Now that the parameters in NMS have been optimized we further assessed the performance of the mode with respect to different sized bounding boxes contained in the test data. To do this we first normalized the height and width of each bounding box by dividing by the height and width of the image respectively. Then the k-means algorithm was applied using three clusters to divide the bounding boxes into small, medium and large groups. The results of the clustering is shown in Figure \ref{fig:x box clusters} below where we can see that the algorithm accurately divided the bounding boxes into small medium and large groups.
\begin{figure}[h]
\centering
\includegraphics[scale=0.7]{final-report-images/box_clusters.png}
\caption{Results of Clustering Test Bounding Boxes by Height and Width}
\label{fig:x box clusters}
\end{figure}
\noindent The Dog Extractor was then applied on the images corresponding to each group to compute the bounding box proposals. The MAP 0.05:0.95 of each group was then computed, and is shown in Figure \ref{fig:box size} below. We can see that the model performs extremely well on medium and large dogs relative to the image, however there is a steep drop in performance on smaller dogs. This drop in performance is not surprising because object localization models typically perform significantly worse on smaller objects. Furthermore, it should be noted that the model's performance over smaller dogs is still very strong. The MAP 0.5:0.95 of 0.61 indicates the model still performs very well.
\begin{figure}[h]
\begin{center}
\begin{tabular}{|l|l|}
\hline
\textbf{Group} & \textbf{MAP 0.5:0.95} \\ \hline
Small & 0.61 \\ \hline
Medium & 0.77 \\ \hline
Large & 0.78 \\ \hline
\end{tabular}
\end{center}
\caption{Test MAP 0.5:0.95 by Bounding Box Size}
\label{fig:box size}
\end{figure}
\subsection{Dog Classifier}
To train a convolutional neural network for breed classification, we used a transfer learning approach by using a pre-trained model from PyTorch. To do this, we first loaded a pre-trained model and adjusted the dimension of the output layer to 120. The dimension was set to 120 to correspond with the number of breeds contained in the "Stanford Dogs" data-set \cite{stanforddogs}. To devise the optimum model, several models were trained and chosen through either random selection or according to the best ImageNet error rates for top one and top five accuracy. The pre-trained models from PyTorch \cite{torchpretrained} listed in Figure \ref{fig:model2-train} with their corresponding training attributes were used as potential models for dog breed classification.

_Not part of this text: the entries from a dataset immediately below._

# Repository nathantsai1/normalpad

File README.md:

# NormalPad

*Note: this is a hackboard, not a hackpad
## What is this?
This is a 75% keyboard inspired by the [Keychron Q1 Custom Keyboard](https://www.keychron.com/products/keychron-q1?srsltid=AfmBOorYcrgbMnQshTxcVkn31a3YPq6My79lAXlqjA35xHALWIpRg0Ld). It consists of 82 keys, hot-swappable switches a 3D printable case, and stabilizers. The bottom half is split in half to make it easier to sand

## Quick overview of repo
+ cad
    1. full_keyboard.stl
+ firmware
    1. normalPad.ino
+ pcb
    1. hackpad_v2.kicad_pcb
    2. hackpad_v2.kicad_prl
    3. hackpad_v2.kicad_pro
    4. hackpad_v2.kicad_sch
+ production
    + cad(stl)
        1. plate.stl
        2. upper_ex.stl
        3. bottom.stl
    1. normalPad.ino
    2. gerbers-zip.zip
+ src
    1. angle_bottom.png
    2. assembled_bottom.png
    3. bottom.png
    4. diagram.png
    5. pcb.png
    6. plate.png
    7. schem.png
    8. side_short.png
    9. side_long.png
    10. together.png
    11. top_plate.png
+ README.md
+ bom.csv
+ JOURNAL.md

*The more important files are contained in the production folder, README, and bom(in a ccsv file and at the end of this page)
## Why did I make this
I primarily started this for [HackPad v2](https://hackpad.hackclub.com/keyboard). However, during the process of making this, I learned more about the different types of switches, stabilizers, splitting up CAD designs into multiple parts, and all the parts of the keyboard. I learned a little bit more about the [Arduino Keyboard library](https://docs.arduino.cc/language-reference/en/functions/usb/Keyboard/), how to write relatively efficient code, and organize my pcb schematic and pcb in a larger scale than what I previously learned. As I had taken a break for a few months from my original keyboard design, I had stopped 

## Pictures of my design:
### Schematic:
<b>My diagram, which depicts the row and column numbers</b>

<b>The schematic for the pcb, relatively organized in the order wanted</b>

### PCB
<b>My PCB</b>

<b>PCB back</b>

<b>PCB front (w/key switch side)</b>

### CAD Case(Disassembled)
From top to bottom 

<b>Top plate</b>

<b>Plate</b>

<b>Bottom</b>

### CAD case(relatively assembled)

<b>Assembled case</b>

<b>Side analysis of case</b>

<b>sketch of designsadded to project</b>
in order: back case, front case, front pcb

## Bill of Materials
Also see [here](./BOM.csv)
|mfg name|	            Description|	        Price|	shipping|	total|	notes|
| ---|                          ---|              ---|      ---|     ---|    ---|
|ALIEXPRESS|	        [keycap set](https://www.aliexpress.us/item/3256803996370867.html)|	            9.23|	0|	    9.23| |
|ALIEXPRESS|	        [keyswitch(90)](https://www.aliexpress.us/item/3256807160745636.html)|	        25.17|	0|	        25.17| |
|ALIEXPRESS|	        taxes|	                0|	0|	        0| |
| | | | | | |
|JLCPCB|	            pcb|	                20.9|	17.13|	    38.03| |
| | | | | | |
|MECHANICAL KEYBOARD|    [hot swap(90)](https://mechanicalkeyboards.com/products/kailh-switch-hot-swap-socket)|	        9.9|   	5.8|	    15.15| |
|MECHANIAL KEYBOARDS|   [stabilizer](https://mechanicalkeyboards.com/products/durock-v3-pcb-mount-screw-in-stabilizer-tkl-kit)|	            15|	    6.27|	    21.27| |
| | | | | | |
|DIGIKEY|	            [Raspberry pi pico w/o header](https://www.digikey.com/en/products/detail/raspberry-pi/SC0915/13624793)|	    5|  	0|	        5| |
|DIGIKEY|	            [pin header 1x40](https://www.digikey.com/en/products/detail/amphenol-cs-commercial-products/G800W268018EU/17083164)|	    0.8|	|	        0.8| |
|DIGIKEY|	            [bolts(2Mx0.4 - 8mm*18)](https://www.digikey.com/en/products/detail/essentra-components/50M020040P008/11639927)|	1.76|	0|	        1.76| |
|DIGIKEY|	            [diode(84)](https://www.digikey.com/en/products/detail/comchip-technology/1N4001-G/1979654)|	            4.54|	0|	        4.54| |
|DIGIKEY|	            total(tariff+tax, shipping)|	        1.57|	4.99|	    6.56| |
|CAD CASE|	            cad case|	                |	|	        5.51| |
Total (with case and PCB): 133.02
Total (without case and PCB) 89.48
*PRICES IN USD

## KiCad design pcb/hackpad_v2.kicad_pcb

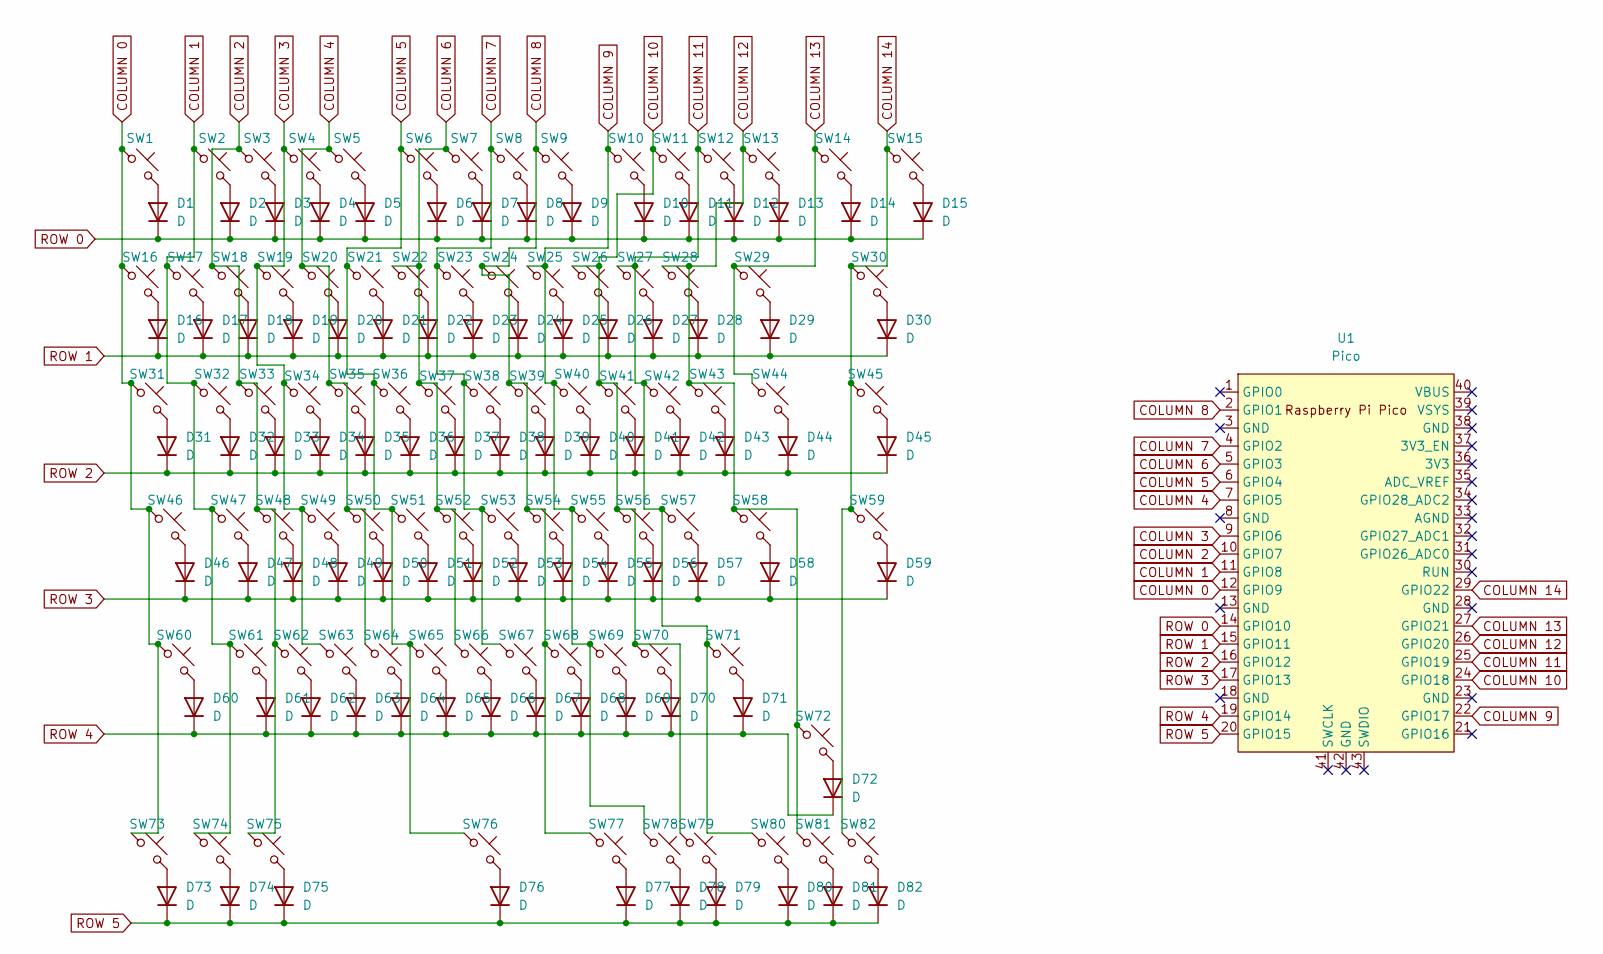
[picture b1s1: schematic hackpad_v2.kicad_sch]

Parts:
D1, D2, D3, D4, D5, D6, D7, D8, D9, D10, D11, D12, D13, D14, D15, D16, D17, D18, D19, D20, D21, D22, D23, D24, D25, D26, D27, D28, D29, D30, D31, D32, D33, D34, D35, D36, D37, D38, D39, D40, D41, D42, D43, D44, D45, D46, D47, D48, D49, D50, D51, D52, D53, D54, D55, D56, D57, D58, D59, D60, D61, D62, D63, D64, D65, D66, D67, D68, D69, D70, D71, D72, D73, D74, D75, D76, D77, D78, D79, D80, D81, D82: D; D_DO-41_SOD81_P10.16mm_Horizontal
SW1, SW2, SW3, SW4, SW5, SW6, SW7, SW8, SW9, SW10, SW11, SW12, SW13, SW14, SW15, SW16, SW17, SW18, SW19, SW20, SW21, SW22, SW23, SW24, SW25, SW26, SW27, SW28, SW30, SW32, SW33, SW34, SW35, SW36, SW37, SW38, SW39, SW40, SW41, SW42, SW43, SW45, SW47, SW48, SW49, SW50, SW51, SW52, SW53, SW54, SW55, SW56, SW57, SW59, SW61, SW62, SW63, SW64, SW65, SW66, SW67, SW68, SW69, SW70, SW72, SW77, SW78, SW79, SW80, SW81, SW82: SW_Push_45deg; MX-Hotswap-1U
SW29: SW_Push_45deg; MX-Hotswap-2U
SW31, SW44: SW_Push_45deg; MX-Hotswap-1.5U
SW46, SW71: SW_Push_45deg; MX-Hotswap-1.75U
SW58, SW60: SW_Push_45deg; MX-Hotswap-2.25U
SW73, SW74, SW75: SW_Push_45deg; MX-Hotswap-1.25U
SW76: SW_Push_45deg; MX-Hotswap-6.25U
U1: Pico; RPi_Pico_SMD_TH

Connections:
COLUMN 0: SW1.1, SW16.1, SW31.1, SW46.1, SW60.1, SW73.1, U1.12 (GPIO9)
COLUMN 1: SW2.1, SW17.1, SW32.1, SW47.1, SW61.1, SW74.1, U1.11 (GPIO8)
COLUMN 2: SW3.1, SW18.1, SW33.1, SW48.1, SW62.1, SW75.1, U1.10 (GPIO7)
COLUMN 3: SW4.1, SW19.1, SW34.1, SW49.1, SW63.1, U1.9 (GPIO6)
COLUMN 4: SW5.1, SW20.1, SW35.1, SW50.1, SW64.1, U1.7 (GPIO5)
COLUMN 5: SW6.1, SW21.1, SW36.1, SW51.1, SW65.1, SW76.1, U1.6 (GPIO4)
COLUMN 6: SW7.1, SW22.1, SW37.1, SW52.1, SW66.1, U1.5 (GPIO3)
COLUMN 7: SW8.1, SW23.1, SW38.1, SW53.1, SW67.1, U1.4 (GPIO2)
COLUMN 8: SW9.1, SW24.1, SW39.1, SW54.1, SW68.1, SW77.1, U1.2 (GPIO1)
COLUMN 9: SW10.1, SW25.1, SW40.1, SW55.1, SW69.1, SW78.1, U1.22 (GPIO17)
COLUMN 10: SW11.1, SW26.1, SW41.1, SW56.1, SW70.1, SW79.1, U1.24 (GPIO18)
COLUMN 11: SW12.1, SW27.1, SW42.1, SW57.1, SW71.1, SW80.1, U1.25 (GPIO19)
COLUMN 12: SW13.1, SW28.1, SW43.1, SW58.1, SW72.1, SW81.1, U1.26 (GPIO20)
COLUMN 13: SW14.1, SW29.1, SW44.1, U1.27 (GPIO21)
COLUMN 14: SW15.1, SW30.1, SW45.1, SW59.1, SW82.1, U1.29 (GPIO22)
unnamed: D1.2 (A), SW1.2
unnamed: D2.2 (A), SW2.2
unnamed: D3.2 (A), SW3.2
unnamed: D4.2 (A), SW4.2
unnamed: D5.2 (A), SW5.2
unnamed: D6.2 (A), SW6.2
unnamed: D7.2 (A), SW7.2
unnamed: D8.2 (A), SW8.2
unnamed: D9.2 (A), SW9.2
unnamed: D10.2 (A), SW10.2
unnamed: D11.2 (A), SW11.2
unnamed: D12.2 (A), SW12.2
unnamed: D13.2 (A), SW13.2
unnamed: D14.2 (A), SW14.2
unnamed: D15.2 (A), SW15.2
unnamed: D16.2 (A), SW16.2
unnamed: D17.2 (A), SW17.2
unnamed: D18.2 (A), SW18.2
unnamed: D19.2 (A), SW19.2
unnamed: D20.2 (A), SW20.2
unnamed: D21.2 (A), SW21.2
unnamed: D22.2 (A), SW22.2
unnamed: D23.2 (A), SW23.2
unnamed: D24.2 (A), SW24.2
unnamed: D25.2 (A), SW25.2
unnamed: D26.2 (A), SW26.2
unnamed: D27.2 (A), SW27.2
unnamed: D28.2 (A), SW28.2
unnamed: D29.2 (A), SW29.2
unnamed: D30.2 (A), SW30.2
unnamed: D31.2 (A), SW31.2
unnamed: D32.2 (A), SW32.2
unnamed: D33.2 (A), SW33.2
unnamed: D34.2 (A), SW34.2
unnamed: D35.2 (A), SW35.2
unnamed: D36.2 (A), SW36.2
unnamed: D37.2 (A), SW37.2
unnamed: D38.2 (A), SW38.2
unnamed: D39.2 (A), SW39.2
unnamed: D40.2 (A), SW40.2
unnamed: D41.2 (A), SW41.2
unnamed: D42.2 (A), SW42.2
unnamed: D43.2 (A), SW43.2
unnamed: D44.2 (A), SW44.2
unnamed: D45.2 (A), SW45.2
unnamed: D46.2 (A), SW46.2
unnamed: D47.2 (A), SW47.2
unnamed: D48.2 (A), SW48.2
unnamed: D49.2 (A), SW49.2
unnamed: D50.2 (A), SW50.2
unnamed: D51.2 (A), SW51.2
unnamed: D52.2 (A), SW52.2
unnamed: D53.2 (A), SW53.2
unnamed: D54.2 (A), SW54.2
unnamed: D55.2 (A), SW55.2
unnamed: D56.2 (A), SW56.2
unnamed: D57.2 (A), SW57.2
unnamed: D58.2 (A), SW58.2
unnamed: D59.2 (A), SW59.2
unnamed: D60.2 (A), SW60.2
unnamed: D61.2 (A), SW61.2
unnamed: D62.2 (A), SW62.2
unnamed: D63.2 (A), SW63.2
unnamed: D64.2 (A), SW64.2
unnamed: D65.2 (A), SW65.2
unnamed: D66.2 (A), SW66.2
unnamed: D67.2 (A), SW67.2
unnamed: D68.2 (A), SW68.2
unnamed: D69.2 (A), SW69.2
unnamed: D70.2 (A), SW70.2
unnamed: D71.2 (A), SW71.2
unnamed: D72.2 (A), SW72.2
unnamed: D73.2 (A), SW73.2
unnamed: D74.2 (A), SW74.2
unnamed: D75.2 (A), SW75.2
unnamed: D76.2 (A), SW76.2
unnamed: D77.2 (A), SW77.2
unnamed: D78.2 (A), SW78.2
unnamed: D79.2 (A), SW79.2
unnamed: D80.2 (A), SW80.2
unnamed: D81.2 (A), SW81.2
unnamed: D82.2 (A), SW82.2
ROW 0: D1.1 (K), D2.1 (K), D3.1 (K), D4.1 (K), D5.1 (K), D6.1 (K), D7.1 (K), D8.1 (K), D9.1 (K), D10.1 (K), D11.1 (K), D12.1 (K), D13.1 (K), D14.1 (K), D15.1 (K), U1.14 (GPIO10)
ROW 1: D16.1 (K), D17.1 (K), D18.1 (K), D19.1 (K), D20.1 (K), D21.1 (K), D22.1 (K), D23.1 (K), D24.1 (K), D25.1 (K), D26.1 (K), D27.1 (K), D28.1 (K), D29.1 (K), D30.1 (K), U1.15 (GPIO11)
ROW 2: D31.1 (K), D32.1 (K), D33.1 (K), D34.1 (K), D35.1 (K), D36.1 (K), D37.1 (K), D38.1 (K), D39.1 (K), D40.1 (K), D41.1 (K), D42.1 (K), D43.1 (K), D44.1 (K), D45.1 (K), U1.16 (GPIO12)
ROW 3: D46.1 (K), D47.1 (K), D48.1 (K), D49.1 (K), D50.1 (K), D51.1 (K), D52.1 (K), D53.1 (K), D54.1 (K), D55.1 (K), D56.1 (K), D57.1 (K), D58.1 (K), D59.1 (K), U1.17 (GPIO13)
ROW 4: D60.1 (K), D61.1 (K), D62.1 (K), D63.1 (K), D64.1 (K), D65.1 (K), D66.1 (K), D67.1 (K), D68.1 (K), D69.1 (K), D70.1 (K), D71.1 (K), D72.1 (K), U1.19 (GPIO14)
ROW 5: D73.1 (K), D74.1 (K), D75.1 (K), D76.1 (K), D77.1 (K), D78.1 (K), D79.1 (K), D80.1 (K), D81.1 (K), D82.1 (K), U1.20 (GPIO15)

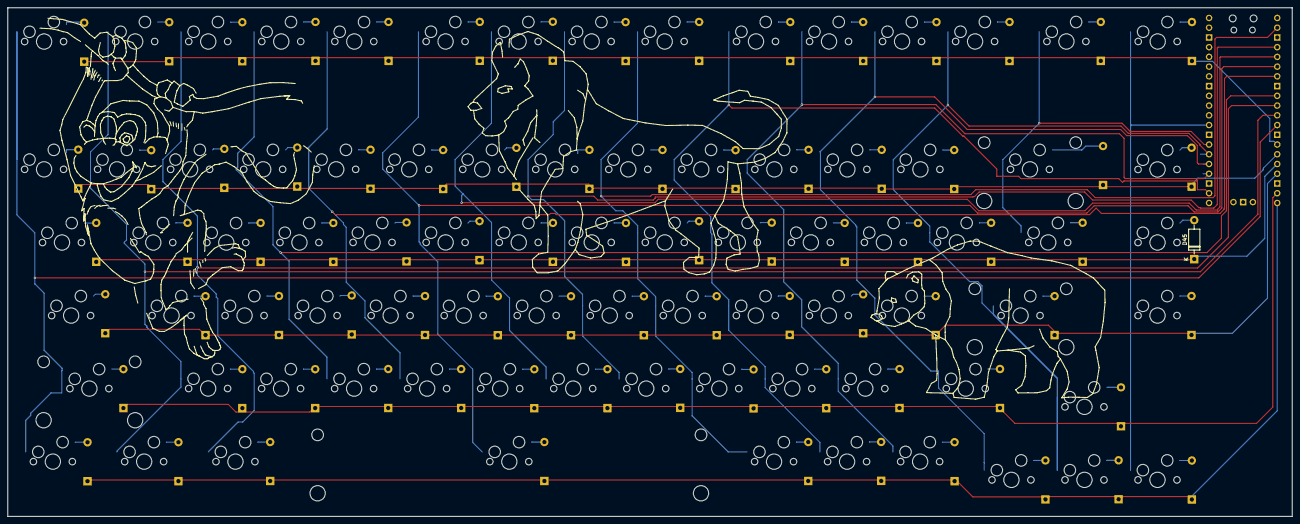
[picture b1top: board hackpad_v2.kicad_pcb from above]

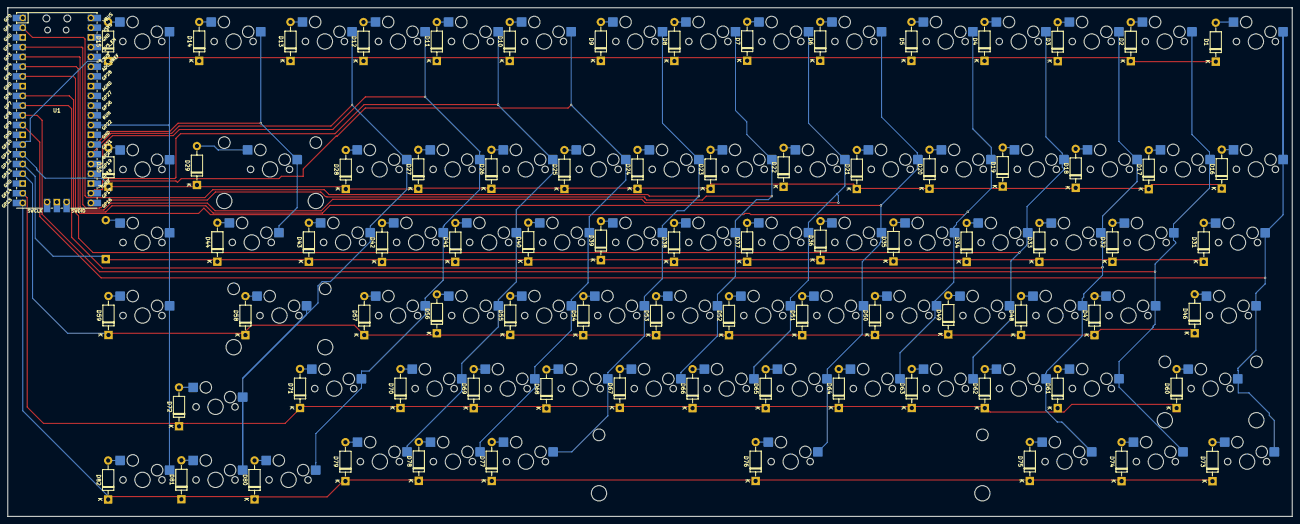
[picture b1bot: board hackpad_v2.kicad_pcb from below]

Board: 2 copper layers, 335.0 x 132.7 mm, 165 parts (164 on the bottom side), 103 nets.

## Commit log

2025-06-29 fix mds
2025-06-29 update journal
2025-07-02 fix highway issues
2025-07-05 change design
2025-07-05 change design
    so much work!
2025-07-06 change stuff
2025-07-08 change pcb zip file
2025-07-09 fix bom's
2025-07-09 add total to BOM
2025-07-09 add time to jounral
2025-11-23 improve journal and software

As the reader can see, a variety of breed classification models were trained where the training was done on Simon Fraser University's CSIL BLU9402 workstation using an Nvidia Quadro RTX 4000 GPU card \cite{BLU9402}. In the interest of maintaining reproducible results, we state the optimizer and number of Epochs used. Furthermore, we found that there was a direct correlation between the dimension of the output layers of the feature extractors and the training time. This is because the dimension of the output layers strongly correlative with the size of each model.
\begin{figure}[h]
\centering
\begin{tabular}{|l|c|c|c|c|c|}
\hline
\multicolumn{1}{|c|}{\textbf{Model}} & \textbf{\begin{tabular}[c]{@{}c@{}}Feature Extractor \\ Input \\ Layer Dimension\end{tabular}} & \textbf{\begin{tabular}[c]{@{}c@{}}Trained Feature \\ Extractor\end{tabular}} & \textbf{Optimizer} & \textbf{\begin{tabular}[c]{@{}c@{}}Max \\ Number \\ of Epochs\end{tabular}} & \textbf{\begin{tabular}[c]{@{}c@{}}Training \\ Time\end{tabular}} \\ \hline
Densenet-121 & 1024 & No & SGD & 30 & 31m 53s \\ \hline
EfficientNet-B0 & 1280 & No & SGD & 30 & 48m 51s \\ \hline
GoogLeNet & 1024 & No & SGD & 30 & 18m 7s \\ \hline
Inception v3 & 2048 & No & SGD & 30 & 35m 55s \\ \hline
VGG 16 & 4096 & No & SGD & 30 & 37m 59s \\ \hline
VGG 19 & 4096 & No & SGD & 60 & 1545m 13s \\ \hline
ConvNeXt Large & 1536 & No & SGD & 2 & 12m 11s \\ \hline
Regnet Y 32GF & 1512 & No & SGD & 30 & 31m 5s \\ \hline
EfficientNet-B7 & 2560 & Yes & SGD & 30 & 267m 15s \\ \hline
Vit\_b\_1 & 768 & Yes & SGD & 30 & 172m 57s \\ \hline
\end{tabular}
\caption{Dog Classifier Model: Training Data}
\label{fig:model2-train}
\end{figure}
While a number of models were trained, to reduce repetition we will elaborate on training process of the two best models: the "ConvNeXt Large" model and the "VGG 19" model. In our initial training of the "ConvNeXt Large", we trained the model for 30 epochs. However, we found that this resulted in an extremely poor classification accuracy of 20\% on the test data. The model was clearly over fitting to the training data. To remedy this, we added dropout to the last CNN layer with a probability of 0.5 in the feature extractor during training and reduced the number of epochs to just two. This resulted in a huge improvement in the test accuracy. To be succinct, the test accuracy increased from 20\% to 96\%; an increase of 76\%. In a different facet the "VGG 19" the model was trained for a maximum of 60 epochs but the optimum weights with respect to the validation data were achieved during the sixteenth epoch. It should be noted that during the training of each model, the model weights were only saved if the validation accuracy increased. Otherwise, weights were not saved. This was done to minimize possible over-fitting.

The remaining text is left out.